Some Republican and conservative leaders have stated their opposition to the Human Life Protection Act. Senator Mitt Romney of Utah stated that he did not support it because there should be exceptions for rape, incest, and danger to the life of the mother. Republican House Minority Leader Kevin McCarthy and Republican U.S. Senator Lisa Murkowski expressed opposition to the law for the same reasons. Senator Susan Collins, a Republican from Maine, said that she was "very much opposed to the Alabama law", and that it was "completely inconsistent with Roe v. Wade". On The 700 Club, conservative televangelist Pat Robertson stated, "It's an extreme law and they want to challenge Roe v. Wade, but my humble view is that this is not the case we want to bring to the Supreme Court because I think this one will lose". Conservative commentator Tomi Lahren called the bill "too restrictive" and said the ban "forces women into more dangerous methods" of abortion. Former president Donald Trump did not express opposition, but re-affirmed that he was opposed to abortion rights except in situations arising from rape, incest, and danger to the life of the mother.

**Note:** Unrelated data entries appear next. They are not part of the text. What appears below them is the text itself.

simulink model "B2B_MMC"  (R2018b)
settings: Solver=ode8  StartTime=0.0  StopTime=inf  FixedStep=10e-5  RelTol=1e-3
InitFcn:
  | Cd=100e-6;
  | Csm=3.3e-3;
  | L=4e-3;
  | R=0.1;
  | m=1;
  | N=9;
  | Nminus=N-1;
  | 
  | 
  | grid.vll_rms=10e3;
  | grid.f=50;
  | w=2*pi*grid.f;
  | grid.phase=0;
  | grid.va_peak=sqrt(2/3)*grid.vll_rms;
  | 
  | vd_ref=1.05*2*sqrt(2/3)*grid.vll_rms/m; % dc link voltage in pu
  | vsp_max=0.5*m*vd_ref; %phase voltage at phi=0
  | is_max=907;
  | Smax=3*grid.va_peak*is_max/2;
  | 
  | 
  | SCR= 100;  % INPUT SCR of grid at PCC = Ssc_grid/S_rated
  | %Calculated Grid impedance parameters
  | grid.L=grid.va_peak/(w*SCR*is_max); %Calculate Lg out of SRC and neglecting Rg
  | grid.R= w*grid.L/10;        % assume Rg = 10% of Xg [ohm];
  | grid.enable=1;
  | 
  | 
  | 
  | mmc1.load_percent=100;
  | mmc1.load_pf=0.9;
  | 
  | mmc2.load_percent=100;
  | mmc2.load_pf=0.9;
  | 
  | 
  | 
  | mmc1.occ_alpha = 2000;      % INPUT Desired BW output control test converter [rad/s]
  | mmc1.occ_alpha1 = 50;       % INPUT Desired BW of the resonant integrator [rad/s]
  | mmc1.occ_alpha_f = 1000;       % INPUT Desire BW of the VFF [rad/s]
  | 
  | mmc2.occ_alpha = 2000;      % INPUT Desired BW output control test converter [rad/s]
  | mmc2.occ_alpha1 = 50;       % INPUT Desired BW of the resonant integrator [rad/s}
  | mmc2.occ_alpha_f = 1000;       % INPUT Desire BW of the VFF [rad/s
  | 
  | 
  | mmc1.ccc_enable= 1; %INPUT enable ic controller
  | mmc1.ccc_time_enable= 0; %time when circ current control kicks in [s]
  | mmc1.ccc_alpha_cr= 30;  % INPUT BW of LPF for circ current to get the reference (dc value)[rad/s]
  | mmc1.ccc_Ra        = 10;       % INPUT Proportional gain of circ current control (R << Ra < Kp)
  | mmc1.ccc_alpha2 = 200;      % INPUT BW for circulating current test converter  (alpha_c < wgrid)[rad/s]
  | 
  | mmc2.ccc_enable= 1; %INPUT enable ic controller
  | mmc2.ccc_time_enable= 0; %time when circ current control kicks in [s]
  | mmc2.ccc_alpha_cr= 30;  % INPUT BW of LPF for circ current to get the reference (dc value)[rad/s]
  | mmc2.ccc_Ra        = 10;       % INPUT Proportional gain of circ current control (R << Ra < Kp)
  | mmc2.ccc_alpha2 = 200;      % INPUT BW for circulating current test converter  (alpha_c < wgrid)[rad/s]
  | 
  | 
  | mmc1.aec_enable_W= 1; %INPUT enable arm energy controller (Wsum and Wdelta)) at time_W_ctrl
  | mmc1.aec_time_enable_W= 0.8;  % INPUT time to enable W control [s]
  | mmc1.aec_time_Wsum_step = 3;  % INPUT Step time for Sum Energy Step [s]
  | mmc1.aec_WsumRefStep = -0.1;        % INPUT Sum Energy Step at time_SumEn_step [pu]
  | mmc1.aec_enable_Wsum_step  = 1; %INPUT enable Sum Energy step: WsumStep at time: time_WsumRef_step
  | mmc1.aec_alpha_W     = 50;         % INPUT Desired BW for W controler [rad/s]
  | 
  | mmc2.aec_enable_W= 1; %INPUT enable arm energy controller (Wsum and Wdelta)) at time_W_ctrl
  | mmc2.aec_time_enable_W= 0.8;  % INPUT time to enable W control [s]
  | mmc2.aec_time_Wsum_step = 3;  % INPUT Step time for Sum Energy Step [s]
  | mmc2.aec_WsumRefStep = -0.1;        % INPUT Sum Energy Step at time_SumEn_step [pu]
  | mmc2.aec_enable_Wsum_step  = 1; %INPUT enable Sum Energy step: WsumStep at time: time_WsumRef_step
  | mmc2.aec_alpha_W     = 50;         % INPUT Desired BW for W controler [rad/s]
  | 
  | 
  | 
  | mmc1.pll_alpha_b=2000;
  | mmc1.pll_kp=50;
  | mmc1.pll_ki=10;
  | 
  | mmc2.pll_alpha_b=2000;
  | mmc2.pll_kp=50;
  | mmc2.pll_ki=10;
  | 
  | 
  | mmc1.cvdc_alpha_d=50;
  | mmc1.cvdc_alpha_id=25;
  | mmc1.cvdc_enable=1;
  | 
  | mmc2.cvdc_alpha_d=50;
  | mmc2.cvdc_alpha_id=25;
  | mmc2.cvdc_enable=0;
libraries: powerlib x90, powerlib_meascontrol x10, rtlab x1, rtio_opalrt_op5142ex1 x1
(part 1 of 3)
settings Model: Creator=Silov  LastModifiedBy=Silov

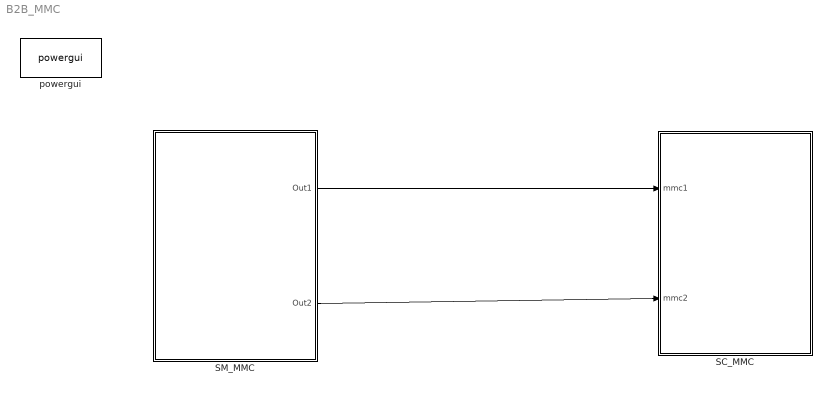
== system B2B_MMC ==
  SC_MMC : Subsystem
  SM_MMC : Subsystem
  powergui : powerlib/powergui  Priority=1  SimulationMode=Discrete  SampleTime=10e-5  frequency=60  Iterations=50  frequencyindice=0  Pbase=100e6  ErrMax=1e-4  UnitsV=kV  UnitsW=MW  buscounter=0  FunctionMessages=off  echomessages=off  EnableUseOfTLC=off  CurrentSourceSwitches=off  DisableSnubberDevices=off  DisableRonSwitches=off  DisableVfSwitches=off  DisplayEquations=off  SolverType=Tustin/Backward Euler (TBE)  Interpol=off  ExternalGateDelay=off  methode=off  Ts=100  x0status=blocks  SPID=on  SwTol=0  HookPort=off  RestoreLinks=warning  ResistiveCurrentMeasurement=off  Frange=[0:2:500]  Ylog=off  Xlog=on  ShowGrid=off  save=off  variable=ZData  structure=0  ZoomFFT=off  StartTime=0.0  cycles=1  DisplayStyle=1  fundamental=60  FreqAxis=off  MaxFrequency=1000  frequencyindicesteady=1  RmsSteady=1  display=off
  wires:
  SM_MMC/1(Out1) -> SC_MMC/1(mmc1)
  SM_MMC/2(Out2) -> SC_MMC/2(mmc2)

== system B2B_MMC/SC_MMC ==
  mmc1 : Inport
  mmc2 : Inport  Port=2
  Active power : Scope  NumInputPorts=2
  Demux : Demux  Outputs=3
  Demux1 : Demux  Outputs=3
  OpComm : rtlab/OpComm  nbport=2  groupe_acq=1  subsys_rate=0  st=0  Synchronization=on  Interpolation=on  Threshold=1.0  Missed_Data=off  Sim_Time=off  Samples=off  dynSigOut=off  from_console=0  warning_done=off  writeOpCommFile=off  Offset=off
  Reactive power : Scope  NumInputPorts=2
  "Voltage " : Scope  NumInputPorts=2
  wires:
  mmc1/1 -> OpComm/1
  mmc2/1 -> OpComm/2
  OpComm/1 -> Demux/1
  OpComm/2 -> Demux1/1
  Demux/1 -> "Voltage "/1
  Demux1/1 -> "Voltage "/2
  Demux/2 -> Active power/1
  Demux1/2 -> Active power/2
  Demux/3 -> Reactive power/1
  Demux1/3 -> Reactive power/2

== system B2B_MMC/SM_MMC ==
  MMC1 : Subsystem
  MMC2 : Subsystem
  OpCtrl OP5142EX1 : rtio_opalrt_op5142ex1/OpCtrl OP5142EX1  CtrlName='OP5142EX1 Ctrl'  boardid=0  BitstreamFilename=OP5142_1-EX-0000-2_2_6_61-16AO_32SelDIO_16AO_32SelDIO-01-01.bin  numconfig=-1  mode=Master  externalClock=off  decimRtsi=0  calibIO=off  SampleTime=0  loadinport=-1
  RSS Grid : Subsystem
  SSS Grid : Subsystem
  dc link impedance : powerlib/Elements/Series RLC Branch  LConnTagsString=__new0  RConnTagsString=__new0  BranchType=RL  Resistance=0.1  Inductance=0.0001  SetiL0=off  InitialCurrent=0  Capacitance=1e-6  Setx0=off  InitialVoltage=0  Measurements=None
  id : powerlib/Measurements/Current Measurement  PhasorSimulation=off  OutputType=Complex  PSBequivalent=0
  meter : powerlib/Measurements/Three-Phase V-I Measurement  VoltageMeasurement=phase-to-ground  SetLabelV=off  LabelV=Vabc  Vpu=off  VpuLL=off  CurrentMeasurement=no  SetLabelI=off  LabelI=Iabc  Ipu=off  Pbase=100e6  Vbase=500e3  OutputType=Complex  PhasorSimulation=off  PSBequivalent=0
  meter1 : powerlib/Measurements/Voltage Measurement  PhasorSimulation=off  OutputType=Complex  PSBequivalent=0
  meter2 : powerlib/Measurements/Three-Phase V-I Measurement  VoltageMeasurement=phase-to-ground  SetLabelV=off  LabelV=Vabc  Vpu=off  VpuLL=off  CurrentMeasurement=no  SetLabelI=off  LabelI=Iabc  Ipu=off  Pbase=100e6  Vbase=500e3  OutputType=Complex  PhasorSimulation=off  PSBequivalent=0
  meter3 : powerlib/Measurements/Voltage Measurement  PhasorSimulation=off  OutputType=Complex  PSBequivalent=0
  Out1 : Outport
  Out2 : Outport  Port=2
  tag scope: rss_vd=global, rss_vpcc=global, sss_id=global, sss_vd=global, sss_vpcc=global
  wires:
  meter1/1 -> [rss_vd]
  MMC1/1(mmc1) -> Out1/1
  meter/1 -> [sss_vpcc]
  meter2/1 -> [rss_vpcc]
  id/1 -> [sss_id]
  meter3/1 -> [sss_vd]
  MMC2/1(mmc2) -> Out2/1
  connections:
  meter1/LConn2 -- meter3/LConn2 -- MMC1/RConn2 -- MMC2/RConn2
  meter/RConn3 -- MMC1/LConn3
  meter/RConn2 -- MMC1/LConn2
  MMC1/RConn1 -- meter3/LConn1 -- id/LConn1
  MMC2/RConn1 -- dc link impedance/RConn1 -- meter1/LConn1
  MMC2/LConn3 -- meter2/RConn3
  meter/LConn2 -- SSS Grid/RConn2
  RSS Grid/RConn1 -- meter2/LConn1
  MMC2/LConn2 -- meter2/RConn2
  meter/RConn1 -- MMC1/LConn1
  meter2/LConn3 -- RSS Grid/RConn3
  MMC2/LConn1 -- meter2/RConn1
  id/RConn1 -- dc link impedance/LConn1
  SSS Grid/RConn3 -- meter/LConn3
  RSS Grid/RConn2 -- meter2/LConn2
  meter/LConn1 -- SSS Grid/RConn1

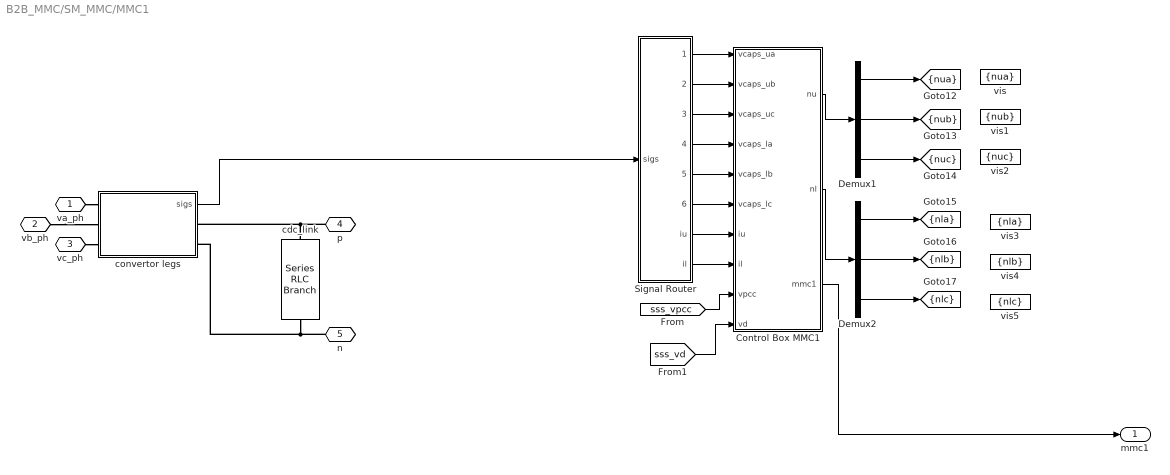
== system B2B_MMC/SM_MMC/MMC1 ==
  Control Box MMC1 : Subsystem  mask{N=N, R=R, L=L, Cd=Cd, Csm=Csm, vd_ref=vd_ref, is_max=is_max, vsp_max=vsp_max, Smax=Smax, occ_alpha=mmc1.occ_alpha, occ_alpha1=mmc1.occ_alpha1, occ_alpha_f=mmc1.occ_alpha_f, ccc_enable=mmc1.ccc_enable, ccc_enable_time=mmc1.ccc_time_enable, ccc_alpha_cr=mmc1.ccc_alpha_cr, ccc_Ra=mmc1.ccc_Ra, ccc_alpha2=mmc1.ccc_alpha2, aec_enable=mmc1.aec_enable_W, aec_enable_time=mmc1.aec_time_enable_W, aec_alpha_W=mmc1.aec_alpha_W, aec_enable_Wsum_step=mmc1.aec_enable_Wsum_step, aec_enable_time_Wsum_step=mmc1.aec_time_Wsum_step, aec_WsumRefStep=mmc1.aec_WsumRefStep, pll_alpha_b=mmc1.pll_alpha_b, pll_kp=mmc1.pll_kp, pll_ki=mmc1.pll_ki, load_percent=mmc1.load_percent, load_pf=mmc1.load_pf, cvdc_enable=mmc1.cvdc_enable, cvdc_alpha_d=mmc1.cvdc_alpha_d, cvdc_alpha_id=mmc1.cvdc_alpha_id}
      mask prompts: N "Number of Submodules"; R "Arm Resistance"; L "Arm Inductance (H)"; Cd "DC Link Capacitance (F)"; Csm "Submodule Capacitance (F)"; vd_ref "DC Link Reference Voltage  (V)"; is_max "Maximum AC Output Current (peak, A)"; vsp_max "Maximum AC Output Voltage (Peak, V)"; Smax "Maximum Apparent Power (VA)"; occ_alpha "Bandwidth, alpha (rad/s)"; occ_alpha1 "Bandwidth, integrator (rad/s)"; occ_alpha_f "Bandwidth for voltage feedforward (rad/s)"; ccc_enable "Enable"; ccc_enable_time "Time of Enable (s)"; ccc_alpha_cr "Bandwidth LPF for DC Reference (rad/s)"; ccc_Ra "Proportional Gain (Ra)"; ccc_alpha2 "Input bandwidth, alpha (rad/s)"; aec_enable "Enable"; aec_enable_time "Enable Time (s)"; aec_alpha_W "Bandwidth (rad/s)"; aec_enable_Wsum_step "Enable Wsum Step"; aec_enable_time_Wsum_step "Enable Wsum Step Time (s)"; aec_WsumRefStep "Step Change in Wsum (p.u.)"; pll_alpha_b "Bandwidth, alpha_b (rad/s)"; pll_kp "Proportional Gain (kp)"; pll_ki "Integral Gain"; load_percent "Percentage Load (%)"; load_pf "Power Factor"; cvdc_enable "Enable"; cvdc_alpha_d "alpha_d"; cvdc_alpha_id "alpha_id"
      mask init:
      | % Output Current Control
      | occ.alpha = occ_alpha;      % INPUT Desired BW output control test converter [rad/s]
      | occ.alpha1= occ_alpha1;       % INPUT Desired BW of the resonant integrator [rad/s}
      | occ.alpha_f = occ_alpha_f;       % INPUT Desire BW of the VFF [rad/s
      | occ.Kp   = occ_alpha*(L/2); % Proportional gain PR conrtoller for output currnet
      | occ.K1   = 2*occ_alpha1*occ.Kp; % Integral gain PI conrtoller for output currnet
      | 
      | % Ciculating current controller
      | ccc.alpha_cr= ccc_alpha_cr;  % INPUT BW of LPF for circ current to get the reference (dc value)[rad/s]
      | ccc.enable_int_ctrl= ccc_enable; %INPUT enable ic controller
      | ccc.time_enable_int_ctrl= ccc_enable_time; %time when circ current control kicks in [s]
      | ccc.Ra        = ccc_Ra;       % INPUT Proportional gain of circ current control (R << Ra < Kp)
      | ccc.alpha2 = ccc_alpha2;      % INPUT BW for circulating current test converter  (alpha_c < wgrid)[rad/s]
      | ccc.K2     = 2*ccc_alpha2;% integral gain for resonant controller for ic for h=2
      | ccc.K1     = ccc.K2;    % integral gain for resonant controller for ic for h=1 (same BW as h=2)
      | ccc.K0     = ccc.K2/10; % integral gain for integrator (alpha0_cc = alfa2_cc/100 << alpha2_cc)
      | 
      | %% Arm Energy Controller
      | aec.enable_W_ctrl= aec_enable; %INPUT enable arm energy controller (Wsum and Wdelta)) at time_W_ctrl
      | aec.time_enable_W_ctrl= aec_enable_time;  % INPUT time to enable W control [s]
      | 
      | WsumRef   = (Csm/N)*vd_ref^2;  % Sum Energy reference [J]
      | aec.alpha_W     = aec_alpha_W;         % INPUT Desired BW for W controler [rad/s]
      | aec.Kp_Wsum     = aec.alpha_W/vd_ref; % Kp*Vd = alpha_Wsum
      | aec.Kp_Wdelta   = aec.alpha_W/vsp_max; % Kp*Vsmax = alpha_Wdelta
      | 
      | aec.time_WsumRef_step = aec_enable_time_Wsum_step;  % INPUT Step time for Sum Energy Step [s]
      | aec.WsumRefStep = aec_WsumRefStep;        % INPUT Sum Energy Step at time_SumEn_step [pu]
      | aec.enable_Wsum_step  = aec_enable_Wsum_step; %INPUT enable Sum Energy step: WsumStep at time: time_WsumRef_step
      | 
      | % PLL Parameters
      | pll.alpha_b=pll_alpha_b;
      | pll.kp=pll_kp;
      | pll.ki=pll_ki;
      | 
      | % Power Control
      | load.percent=load_percent/100;
      | load.phi=acos(load_pf); % It seems that if load.phi is positive then i am injecting reactive power in the grid
      | 
      | % DC Voltage Control variable passes
      | 
      | cvdc.alpha_d=cvdc_alpha_d;
      | cvdc.alpha_id=cvdc_alpha_id;
      | cvdc.enable=cvdc_enable;
      mask DialogControl Parameters Prompt: MMC 1
      mask DialogControl Container7 Prompt: Parameters
      mask DialogControl Design Prompt: Converter Boundaries
      mask DialogControl Container12 Prompt: Current Controllers
      mask DialogControl Container21 Prompt: Output Current
      mask DialogControl Container14 Prompt: Circulating Current
      mask DialogControl Container15 Prompt: Arm Energy
      mask DialogControl Container23 Prompt: Higher Level Control
      mask DialogControl Container22 Prompt: PLL
      mask DialogControl Container20 Prompt: Active and Reactive Powers
      mask DialogControl Container9 Prompt: DC Voltage Control
  Demux1 : Demux  Outputs=3
  Demux2 : Demux  Outputs=3
  Signal Router : Subsystem
  cdc_link : powerlib/Elements/Series RLC Branch  LConnTagsString=__new0  RConnTagsString=__new0  BranchType=C  Resistance=1  Inductance=1e-3  SetiL0=off  InitialCurrent=0  Capacitance=Cd  Setx0=on  InitialVoltage=vd_ref  Measurements=None
  convertor legs : Subsystem
  vis : GotoTagVisibility  GotoTag=nua
  vis1 : GotoTagVisibility  GotoTag=nub
  vis2 : GotoTagVisibility  GotoTag=nuc
  vis3 : GotoTagVisibility  GotoTag=nla
  vis4 : GotoTagVisibility  GotoTag=nlb
  vis5 : GotoTagVisibility  GotoTag=nlc
  va_ph : PMIOPort  Side=Left
  vb_ph : PMIOPort  Port=2  Side=Left
  vc_ph : PMIOPort  Port=3  Side=Left
  p : PMIOPort  Port=4  Side=Right
  n : PMIOPort  Port=5  Side=Right
  mmc1 : Outport
  tag scope: nla=scoped, nlb=scoped, nlc=scoped, nua=scoped, nub=scoped, nuc=scoped
  wires:
  convertor legs/1(sigs) -> Signal Router/1(sigs)
  Signal Router/1(vc_ua) -> Control Box MMC1/1(vcaps_ua)
  Signal Router/2(vc_ub) -> Control Box MMC1/2(vcaps_ub)
  Signal Router/3(vc_uc) -> Control Box MMC1/3(vcaps_uc)
  Signal Router/4(vc_la) -> Control Box MMC1/4(vcaps_la)
  Signal Router/5(vc_lb) -> Control Box MMC1/5(vcaps_lb)
  Signal Router/6(vc_lc) -> Control Box MMC1/6(vcaps_lc)
  Signal Router/7(iu) -> Control Box MMC1/7(iu)
  Signal Router/8(il) -> Control Box MMC1/8(il)
  Demux2/1 -> [nla]
  Demux2/3 -> [nlc]
  Demux2/2 -> [nlb]
  Control Box MMC1/2(nl) -> Demux2/1
  Demux1/1 -> [nua]
  Demux1/3 -> [nuc]
  Demux1/2 -> [nub]
  Control Box MMC1/1(nu) -> Demux1/1
  [sss_vpcc] -> Control Box MMC1/9(vpcc)
  [sss_vd] -> Control Box MMC1/10(vd)
  Control Box MMC1/3(mmc1) -> mmc1/1
  connections:
  cdc_link/LConn1 -- p/RConn1 -- convertor legs/RConn1
  cdc_link/RConn1 -- n/RConn1 -- convertor legs/RConn2
  va_ph/RConn1 -- convertor legs/LConn1
  vb_ph/RConn1 -- convertor legs/LConn2
  vc_ph/RConn1 -- convertor legs/LConn3

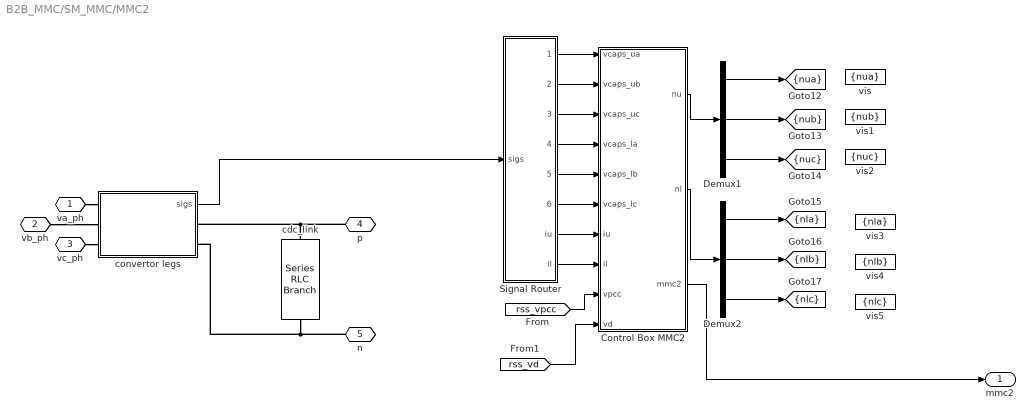
== system B2B_MMC/SM_MMC/MMC2 ==
  Control Box MMC2 : Subsystem  mask{N=N, R=R, L=L, Cd=Cd, Csm=Csm, vd_ref=vd_ref, is_max=is_max, vsp_max=vsp_max, Smax=Smax, occ_alpha=mmc2.occ_alpha, occ_alpha1=mmc2.occ_alpha1, occ_alpha_f=mmc2.occ_alpha_f, ccc_enable=mmc2.ccc_enable, ccc_enable_time=mmc2.ccc_time_enable, ccc_alpha_cr=mmc2.ccc_alpha_cr, ccc_Ra=mmc2.ccc_Ra, ccc_alpha2=mmc2.ccc_alpha2, aec_enable=mmc2.aec_enable_W, aec_enable_time=mmc2.aec_time_enable_W, aec_alpha_W=mmc2.aec_alpha_W, aec_enable_Wsum_step=mmc2.aec_enable_Wsum_step, aec_enable_time_Wsum_step=mmc2.aec_time_Wsum_step, aec_WsumRefStep=mmc2.aec_WsumRefStep, pll_alpha_b=mmc2.pll_alpha_b, pll_kp=mmc2.pll_kp, pll_ki=mmc2.pll_ki, load_percent=mmc2.load_percent, load_pf=mmc2.load_pf, cvdc_enable=mmc2.cvdc_enable, cvdc_alpha_d=mmc2.cvdc_alpha_d, cvdc_alpha_id=mmc2.cvdc_alpha_id}
      mask prompts: N "Number of Submodules"; R "Arm Resistance"; L "Arm Inductance (H)"; Cd "DC Link Capacitance (F)"; Csm "Submodule Capacitance (F)"; vd_ref "DC Link Reference Voltage  (V)"; is_max "Maximum AC Output Current (peak, A)"; vsp_max "Maximum AC Output Voltage (Peak, V)"; Smax "Maximum Apparent Power (VA)"; occ_alpha "Bandwidth, alpha (rad/s)"; occ_alpha1 "Bandwidth, integrator (rad/s)"; occ_alpha_f "Bandwidth for voltage feedforward (rad/s)"; ccc_enable "Enable"; ccc_enable_time "Time of Enable (s)"; ccc_alpha_cr "Bandwidth LPF for DC Reference (rad/s)"; ccc_Ra "Proportional Gain (Ra)"; ccc_alpha2 "Input bandwidth, alpha (rad/s)"; aec_enable "Enable"; aec_enable_time "Enable Time (s)"; aec_alpha_W "Bandwidth (rad/s)"; aec_enable_Wsum_step "Enable Wsum Step"; aec_enable_time_Wsum_step "Enable Wsum Step Time (s)"; aec_WsumRefStep "Step Change in Wsum (p.u.)"; pll_alpha_b "Bandwidth, alpha_b (rad/s)"; pll_kp "Proportional Gain (kp)"; pll_ki "Integral Gain"; load_percent "Percentage Load (%)"; load_pf "Power Factor"; cvdc_enable "Enable"; cvdc_alpha_d "alpha_d"; cvdc_alpha_id "alpha_id"
      mask init: same as B2B_MMC/SM_MMC/MMC1/Control Box MMC1
      mask DialogControl Parameters Prompt: MMC 1
      mask DialogControl Container7 Prompt: Parameters
      mask DialogControl Design Prompt: Converter Boundaries
      mask DialogControl Container12 Prompt: Current Controllers
      mask DialogControl Container21 Prompt: Output Current
      mask DialogControl Container14 Prompt: Circulating Current
      mask DialogControl Container15 Prompt: Arm Energy
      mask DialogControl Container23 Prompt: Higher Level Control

Hillary Clinton, the Democratic nominee of the 2016 United States presidential election, called the bill and similar legislation across the country "appalling attacks on women's lives and fundamental freedoms". Other Democratic politicians expressing opposition to the law included President Joe Biden; House Speaker Nancy Pelosi; Senate Minority Leader Chuck Schumer; U.S. senators Cory Booker, Kirsten Gillibrand, Kamala Harris, Doug Jones; Amy Klobuchar, Bernie Sanders, Elizabeth Warren, Representative Alexandria Ocasio-Cortez; former Representative Beto O'Rourke; former U.S. Secretary of Housing and Urban Development and mayor of San Antonio Julian Castro; and South Bend mayor Pete Buttigieg. Jena Griswold, the Democratic Secretary of State of Colorado, announced that she was banning work-related travel to Alabama in response to the bill. Maryland Comptroller Peter Franchot called on the state's pension system to divest itself from Alabama-based companies because of the bill.

Abortion rights groups such as POWER House demonstrated in the state capital in opposition to the bill. On May 19, hundreds of people protested the legislation at the state capitol. After the passage of the bill, advocacy groups within the state of Alabama began receiving more donations. According to the Yellowhammer Fund, after a social media campaign that involved sports journalist Shea Serrano and U.S. senators and presidential candidates Gillibrand and Harris, the group received tens of thousands of dollars that would enable it to expand its services. Planned Parenthood Southeast president and CEO Staci Fox vowed to take legal action against the state for enacting the bill.

A previously unreleased poll from 2018 conducted on behalf of Planned Parenthood Southeast found that 31 percent of people in the state of Alabama would support a bill that would ban abortion with no exceptions for rape and incest.